Juri Strumpflohner
Juri Strumpflohner Juri is a full stack developer and tech lead with a special passion for the web and frontend development. He creates online videos for Egghead.io, writes articles on his blog and for tech magazines, speaks at conferences and holds training workshops. Juri is also a recognized Google Developer Expert in Web Technologies

I Want the Cursor to be placed in the 1st empty Textbox!

2 min read

You develop a webapp, you have a couple of input fields and buttons on your page. Then the requirement arrives. The customer wants his data to be auto-filled once he enters some identification number (the italian fiscal code). And then, when the data has been filled correctly, he wants the focus to be placed in the 1st empty text box in order to accelerate any further elaboration on that data. Oh ...man!

Well, the customer is the boss, right? If you live in the ASP.net WebForms world, such features immediately scare every developer. To realize them you have to deal with auto-postbacks, page refreshes, viewstate....all in all it ends in a mess to code, and it's a pain for the end-user. Let's not speak about UpdatePanels here, ok? Basically, you have to realize it in JavaScript to get a better user-experience. The problem is that if you have a hybrid situation where you mix JavaScript code with ASPX/ASCX code, it gets a little messy. You have to remember the generated ASP ClientIDs and correctly integrate them in your JavaScript code.
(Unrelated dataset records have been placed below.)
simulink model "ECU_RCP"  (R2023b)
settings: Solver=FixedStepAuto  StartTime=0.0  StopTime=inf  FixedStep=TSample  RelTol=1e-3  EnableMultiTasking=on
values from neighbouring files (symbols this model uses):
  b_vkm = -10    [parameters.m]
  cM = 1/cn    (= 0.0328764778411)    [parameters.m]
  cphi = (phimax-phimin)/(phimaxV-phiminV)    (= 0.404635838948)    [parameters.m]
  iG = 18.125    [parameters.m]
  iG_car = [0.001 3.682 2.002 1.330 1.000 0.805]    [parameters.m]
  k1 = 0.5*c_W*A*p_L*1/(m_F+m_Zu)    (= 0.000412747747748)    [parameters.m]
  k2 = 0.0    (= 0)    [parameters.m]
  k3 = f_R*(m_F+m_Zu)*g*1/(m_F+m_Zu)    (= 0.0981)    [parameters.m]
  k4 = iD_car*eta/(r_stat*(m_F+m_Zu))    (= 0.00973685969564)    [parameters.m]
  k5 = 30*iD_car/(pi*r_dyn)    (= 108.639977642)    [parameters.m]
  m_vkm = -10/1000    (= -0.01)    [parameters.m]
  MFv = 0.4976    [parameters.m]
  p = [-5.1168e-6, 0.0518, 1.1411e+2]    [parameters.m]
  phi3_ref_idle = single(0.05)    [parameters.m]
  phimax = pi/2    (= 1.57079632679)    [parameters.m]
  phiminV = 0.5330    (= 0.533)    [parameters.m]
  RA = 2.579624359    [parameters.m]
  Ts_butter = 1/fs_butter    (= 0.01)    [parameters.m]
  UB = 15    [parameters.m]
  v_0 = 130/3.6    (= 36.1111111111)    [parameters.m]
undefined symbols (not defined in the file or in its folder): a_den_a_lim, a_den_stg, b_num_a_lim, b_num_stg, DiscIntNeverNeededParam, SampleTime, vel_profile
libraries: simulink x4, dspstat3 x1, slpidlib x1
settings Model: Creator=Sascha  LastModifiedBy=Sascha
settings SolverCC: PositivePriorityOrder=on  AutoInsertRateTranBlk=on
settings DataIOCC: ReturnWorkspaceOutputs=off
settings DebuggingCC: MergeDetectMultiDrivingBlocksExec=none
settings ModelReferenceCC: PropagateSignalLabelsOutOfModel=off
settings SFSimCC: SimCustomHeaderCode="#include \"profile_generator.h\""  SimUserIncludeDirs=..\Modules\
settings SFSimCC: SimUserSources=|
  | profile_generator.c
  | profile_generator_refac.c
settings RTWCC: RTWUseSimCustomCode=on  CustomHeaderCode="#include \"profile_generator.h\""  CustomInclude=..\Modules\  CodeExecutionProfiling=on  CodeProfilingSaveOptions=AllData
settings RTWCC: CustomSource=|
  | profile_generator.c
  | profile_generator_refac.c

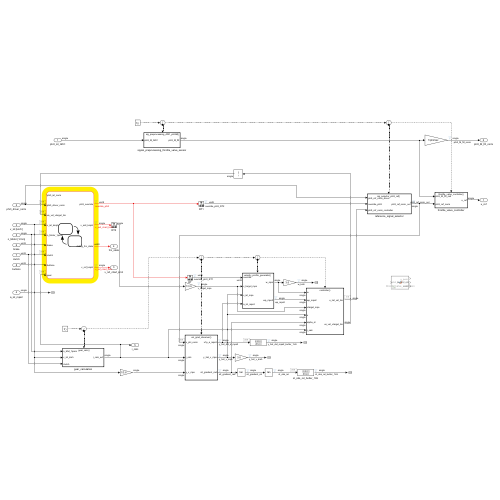
[thumbnail: Simulink's stored preview of the top-level diagram]
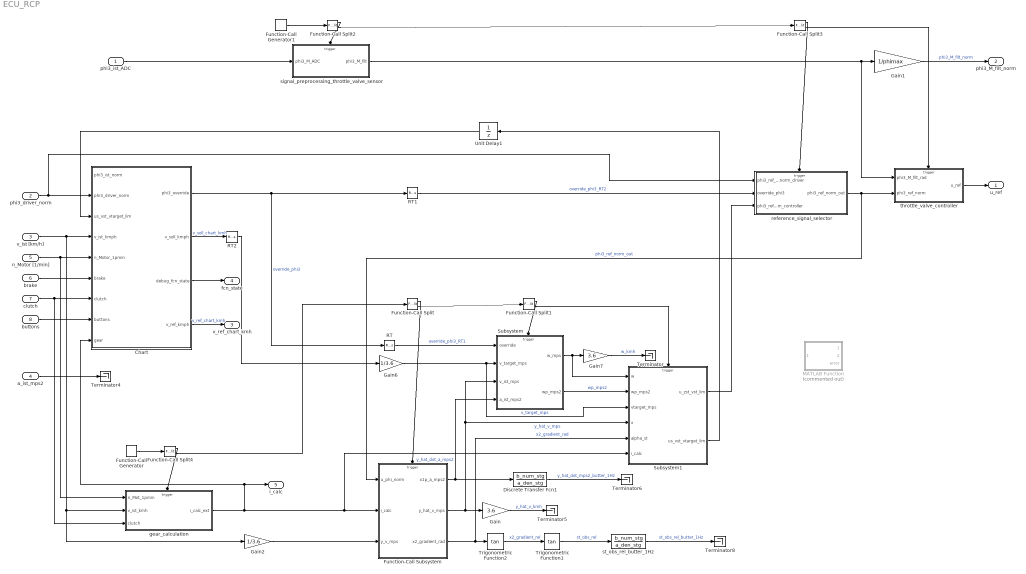
== system ECU_RCP ==
  phi3_ist_ADC : Inport  OutDataTypeStr=single
  phi3_driver_norm : Inport  Port=2  OutDataTypeStr=single
  v_ist [km/h] : Inport  Port=3  OutDataTypeStr=single
  a_ist_mps2 : Inport  Port=4  OutDataTypeStr=single
  n_Motor [1/min] : Inport  Port=5  OutDataTypeStr=single
  brake : Inport  Port=6  OutDataTypeStr=uint8
  clutch : Inport  Port=7  OutDataTypeStr=uint8
  buttons : Inport  Port=8  OutDataTypeStr=uint8
  Chart : Stateflow chart  TreatAsAtomicUnit=on
  Discrete Transfer Fcn1 : DiscreteTransferFcn  Numerator=b_num_stg  Denominator=a_den_stg  SampleTime=Ts_butter
  Function-Call Generator : simulink/Ports & Subsystems/Function-Call Generator  sample_time=0.005  numberOfIterations=1  DisallowWideOutput=off
  Function-Call Generator1 : simulink/Ports & Subsystems/Function-Call Generator  sample_time=0.001  numberOfIterations=1  DisallowWideOutput=off
  Function-Call Split{,1..4} (5 alike) : FunctionCallSplit  NumOutputPorts=2
  Function-Call Subsystem : Subsystem  TreatAsAtomicUnit=on
  Gain : Gain  Gain=3.6
  Gain1 : Gain  Gain=1/phimax
  Gain2 : Gain  Gain=1/3.6
  Gain6 : Gain  Gain=1/3.6
  Gain7 : Gain  Gain=3.6
  MATLAB Function : MATLAB Function  Commented=on  TreatAsAtomicUnit=on
  RT : RateTransition  OutPortSampleTime=0.005
  RT1 : RateTransition  OutPortSampleTime=0.001
  RT2 : RateTransition  OutPortSampleTime=0.005
  Subsystem : Subsystem  SystemSampleTime=0.01
  Subsystem1 : Subsystem
  Terminator{,4..6,8} (5 alike) : Terminator
  Trigonometric Function1 : Trigonometry  Operator=tan
  Trigonometric Function2 : Trigonometry  Operator=tan
  Unit Delay1 : UnitDelay  SampleTime=-1  HasFrameUpgradeWarning=on
  gear_calculation : Subsystem
  reference_signal_selector : Subsystem
  signal_preprocessing_throttle_valve_sensor : Subsystem
  st_obs_rel_butter_1Hz : DiscreteTransferFcn  Numerator=b_num_stg  Denominator=a_den_stg  SampleTime=Ts_butter
  throttle_valve_controller : Subsystem
  u_ref : Outport
  phi3_M_filt_norm : Outport  Port=2
  v_ref_chart_kmh : Outport  Port=3
  fcn_state : Outport  Port=4
  i_calc : Outport  Port=5
  wires:
  Chart/2(v_soll_kmph) -> RT2/1  "v_soll_chart_kmh"
  n_Motor [1/min]/1 -> gear_calculation/1(n_Mot_1pmin), Chart/5(n_Motor_1pmin)
  brake/1 -> Chart/6(brake)
  clutch/1 -> gear_calculation/3(clutch), Chart/7(clutch)
  phi3_driver_norm/1 -> reference_signal_selector/1(phi3_ref_norm_driver), Chart/2(phi3_driver_norm)
  Chart/1(phi3_override) -> RT/1, RT1/1  "override_phi3"
  buttons/1 -> Chart/8(buttons)
  Gain7/1 -> Terminator/1  "w_kmh"
  Gain2/1 -> Function-Call Subsystem/3(y_v_mps)
  Trigonometric Function1/1 -> st_obs_rel_butter_1Hz/1  "st_obs_rel"
  v_ist [km/h]/1 -> gear_calculation/2(v_ist_kmh), Gain2/1, Chart/4(v_ist_kmph)
  a_ist_mps2/1 -> Terminator4/1
  Gain1/1 -> phi3_M_filt_norm/1  "phi3_M_filt_norm"
  st_obs_rel_butter_1Hz/1 -> Terminator8/1  "st_obs_rel_butter_1Hz"
  Discrete Transfer Fcn1/1 -> Terminator6/1  "y_hat_dot_mps2_butter_1Hz"
  Chart/3(debug_fcn_state) -> fcn_state/1
  Subsystem/1(w_mps) -> Gain7/1, Subsystem1/1(w)
  RT/1 -> Subsystem/1(override)  "override_phi3_RT1"
  Function-Call Split/1 -> Function-Call Subsystem/Trigger
  Function-Call Subsystem/1(x1p_a_mps2) -> Subsystem/4(a_ist_mps2), Discrete Transfer Fcn1/1  "y_hat_dot_a_mps2"
  Function-Call Subsystem/2(y_hat_v_mps) -> Subsystem/3(v_ist_mps), Subsystem1/4(x), Gain/1  "y_hat_v_mps"
  Function-Call Subsystem/3(x2_gradient_rad) -> Subsystem1/5(alpha_st), Trigonometric Function2/1  "x2_gradient_rad"
  Gain/1 -> Terminator5/1  "y_hat_v_kmh"
  Trigonometric Function2/1 -> Trigonometric Function1/1  "x2_gradient_rel"
  Subsystem/2(wp_mps2) -> Subsystem1/2(wp_mps2)  "wp_mps2"
  Function-Call Split4/2 -> Function-Call Split/1
  Function-Call Split1/2 -> Subsystem1/Trigger
  Function-Call Split1/1 -> Subsystem/Trigger
  RT2/1 -> Gain6/1
  Function-Call Split/2 -> Function-Call Split1/1
  Gain6/1 -> Subsystem1/3(vtarget_mps), Subsystem/2(v_target_mps)  "v_target_mps"
  Subsystem1/2(us_vst_vtarget_lim) -> Unit Delay1/1
  Unit Delay1/1 -> Chart/3(us_vst_vtarget_lim)
  Chart/4(v_ref_kmph) -> v_ref_chart_kmh/1  "v_ref_chart_kmh"
  throttle_valve_controller/1(u_ref) -> u_ref/1
  signal_preprocessing_throttle_valve_sensor/1(phi3_M_filt) -> Gain1/1, throttle_valve_controller/1(phi3_M_filt_rad)
  phi3_ist_ADC/1 -> signal_preprocessing_throttle_valve_sensor/1(phi3_M_ADC)
  reference_signal_selector/1(phi3_ref_norm_out) -> throttle_valve_controller/2(phi3_ref_norm), Function-Call Subsystem/1(u_phi_norm)  "phi3_ref_norm_out"
  RT1/1 -> reference_signal_selector/2(override_phi3)  "override_phi3_RT2"
  Subsystem1/1(u_zst_vst_lim) -> reference_signal_selector/3(phi3_ref_norm_controller)
  Function-Call Generator1/1 -> Function-Call Split2/1
  Function-Call Split2/1 -> signal_preprocessing_throttle_valve_sensor/Trigger
  Function-Call Split3/1 -> reference_signal_selector/Trigger
  Function-Call Split2/2 -> Function-Call Split3/1
  Function-Call Split3/2 -> throttle_valve_controller/Trigger
  Function-Call Split4/1 -> gear_calculation/Trigger
  Function-Call Generator/1 -> Function-Call Split4/1
  gear_calculation/1(i_calc_ext) -> Chart/9(gear), i_calc/1, Subsystem1/6(i_calc), Function-Call Subsystem/2(i_calc)

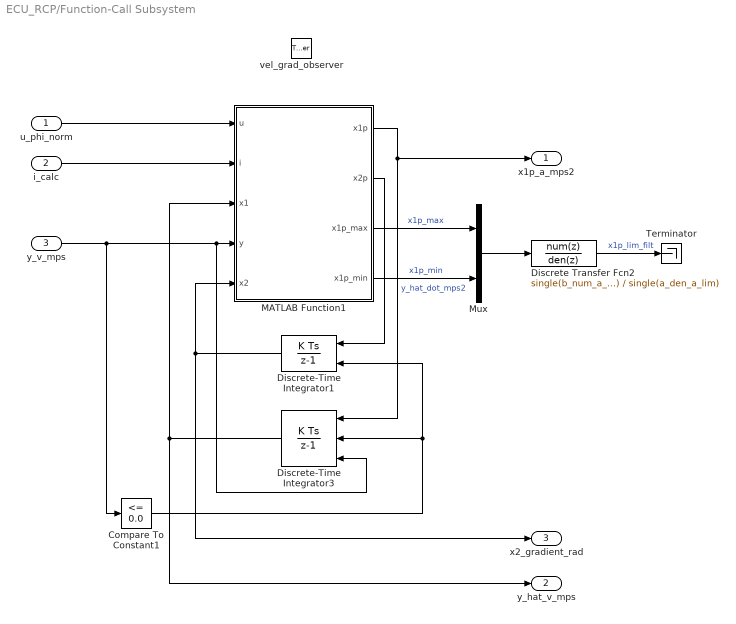
== system ECU_RCP/Function-Call Subsystem ==
  u_phi_norm : Inport  OutDataTypeStr=single
  i_calc : Inport  Port=2  OutDataTypeStr=single
  y_v_mps : Inport  Port=3  OutDataTypeStr=single
  vel_grad_observer : TriggerPort  TriggerType=function-call  VariantControl=(inherit)
  Compare To Constant1 : simulink/Logic and Bit Operations/Compare To Constant  relop=<=  const=0.0  OutDataTypeStr=boolean
  Discrete Transfer Fcn2 : DiscreteTransferFcn  Numerator=single(b_num_a_lim)  Denominator=single(a_den_a_lim)  InitialStates=single(0)
  Discrete-Time Integrator1 : DiscreteIntegrator  ExternalReset=sampled level  SampleTime=-1  LimitOutput=on  UpperSaturationLimit=0.4636  LowerSaturationLimit=-0.4636  ICPrevOutput=DiscIntNeverNeededParam  ICPrevScaledInput=DiscIntNeverNeededParam
  Discrete-Time Integrator3 : DiscreteIntegrator  ExternalReset=sampled level  InitialConditionSource=external  InitialCondition=v_0  SampleTime=-1  LimitOutput=on  UpperSaturationLimit=250/3.6  LowerSaturationLimit=0  ICPrevOutput=DiscIntNeverNeededParam  ICPrevScaledInput=DiscIntNeverNeededParam
  MATLAB Function1 : MATLAB Function  TreatAsAtomicUnit=on
  Mux : Mux  Inputs=2
  Terminator : Terminator
  x1p_a_mps2 : Outport  OutDataTypeStr=single
  y_hat_v_mps : Outport  Port=2  OutDataTypeStr=single
  x2_gradient_rad : Outport  Port=3  OutDataTypeStr=single
  wires:
  MATLAB Function1/2(x2p) -> Discrete-Time Integrator1/1
  u_phi_norm/1 -> MATLAB Function1/1(u)
  Discrete-Time Integrator1/1 -> x2_gradient_rad/1, MATLAB Function1/5(x2)
  y_v_mps/1 -> Compare To Constant1/1, Discrete-Time Integrator3/3, MATLAB Function1/4(y)
  MATLAB Function1/1(x1p) -> x1p_a_mps2/1, Discrete-Time Integrator3/1  "y_hat_dot_mps2"
  Discrete-Time Integrator3/1 -> y_hat_v_mps/1, MATLAB Function1/3(x1)
  i_calc/1 -> MATLAB Function1/2(i)
  Compare To Constant1/1 -> Discrete-Time Integrator1/2, Discrete-Time Integrator3/2
  MATLAB Function1/4(x1p_min) -> Mux/2  "x1p_min"
  MATLAB Function1/3(x1p_max) -> Mux/1  "x1p_max"
  Mux/1 -> Discrete Transfer Fcn2/1
  Discrete Transfer Fcn2/1 -> Terminator/1  "x1p_lim_filt"

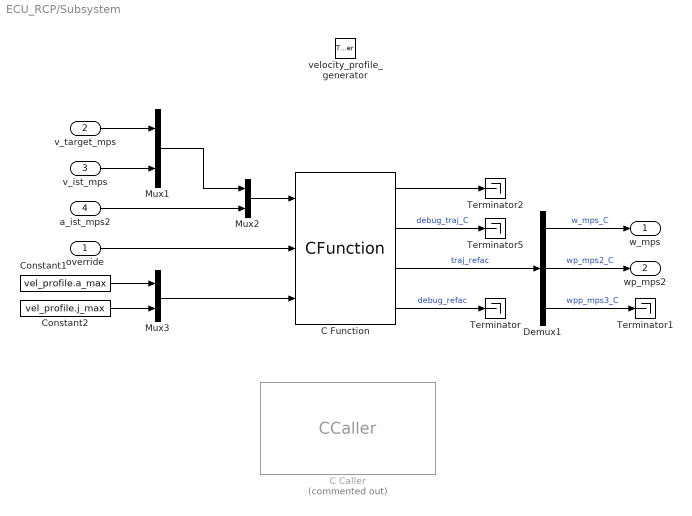
== system ECU_RCP/Subsystem ==
  override : Inport  OutDataTypeStr=uint8
  v_target_mps : Inport  Port=2
  v_ist_mps : Inport  Port=3
  a_ist_mps2 : Inport  Port=4
  velocity_profile_generator : TriggerPort  TriggerType=function-call  VariantControl=(inherit)
  C Caller : CCaller  Commented=on  FunctionName=profile_generator  PortSpecificationStruct="%)30     .    * <   8    (     @         %    \"     0    !     0         %  0 \"0    $    _    07)G3F%M90  4&]R=$YA;64 4V-O<&4     26YD97@     5'EP90      4VEZ90      27-';&]B86P   X    X    !@    @    $          4    (     0    8    !         !     &    =F5C7VEN   .    .     8    (    !          %    \"     $    &     0         0    !@   '9E8U]I;@  #@   #@    &    \"     0         !0    @    !   ...(+2085 chars)"  SampleTime=0.01
  C Function : CFunction  OutputCode=|  SampleTime=SampleTime  Ts=vel_profile.Ts  SampleTime=-1
      | params_t params;
      | params.t_s = Ts;
      | params.a_max = profile_params[0];
      | params.j_max = profile_params[1];
      | 
      | profile_generator(traj, debug, vec_in, override, &params);
      | 
      | profile_generator_refac(traj_refac, debug_refac, vec_in, override, &params);
  Constant1 : Constant  Value=vel_profile.a_max
  Constant2 : Constant  Value=vel_profile.j_max
  Demux1 : Demux  Outputs=3
  Mux1 : Mux  Inputs=2
  Mux2 : Mux  Inputs=2
  Mux3 : Mux  Inputs=2
  Terminator{,1..2,5} (4 alike) : Terminator
  w_mps : Outport
  wp_mps2 : Outport  Port=2
  wires:
  Mux1/1 -> Mux2/1
  v_ist_mps/1 -> Mux1/2
  v_target_mps/1 -> Mux1/1
  Mux2/1 -> C Function/1
  C Function/1 -> Terminator2/1
  Demux1/3 -> Terminator1/1  "wpp_mps3_C"
  Demux1/1 -> w_mps/1  "w_mps_C"
  Demux1/2 -> wp_mps2/1  "wp_mps2_C"
  override/1 -> C Function/2
  C Function/2 -> Terminator5/1  "debug_traj_C"
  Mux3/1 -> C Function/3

To not completely get lost in this post :), what I wanted to express is how easy it is to implement all this in JavaScript making use of jQuery:
$("#divPersonData").find("input:text[value='']:visible").first().focus();
Setting the focus to the first empty field is really just fun, right?

The essence of this post is that the UI experience gets more and more important in nowadays webapps. Just look around, Twitter, Trello, Gmail,...Think about it if you still live in the somewhat more traditional space of web development.

Update:
You might want to take a look at the HTML5 autofocus attribute here.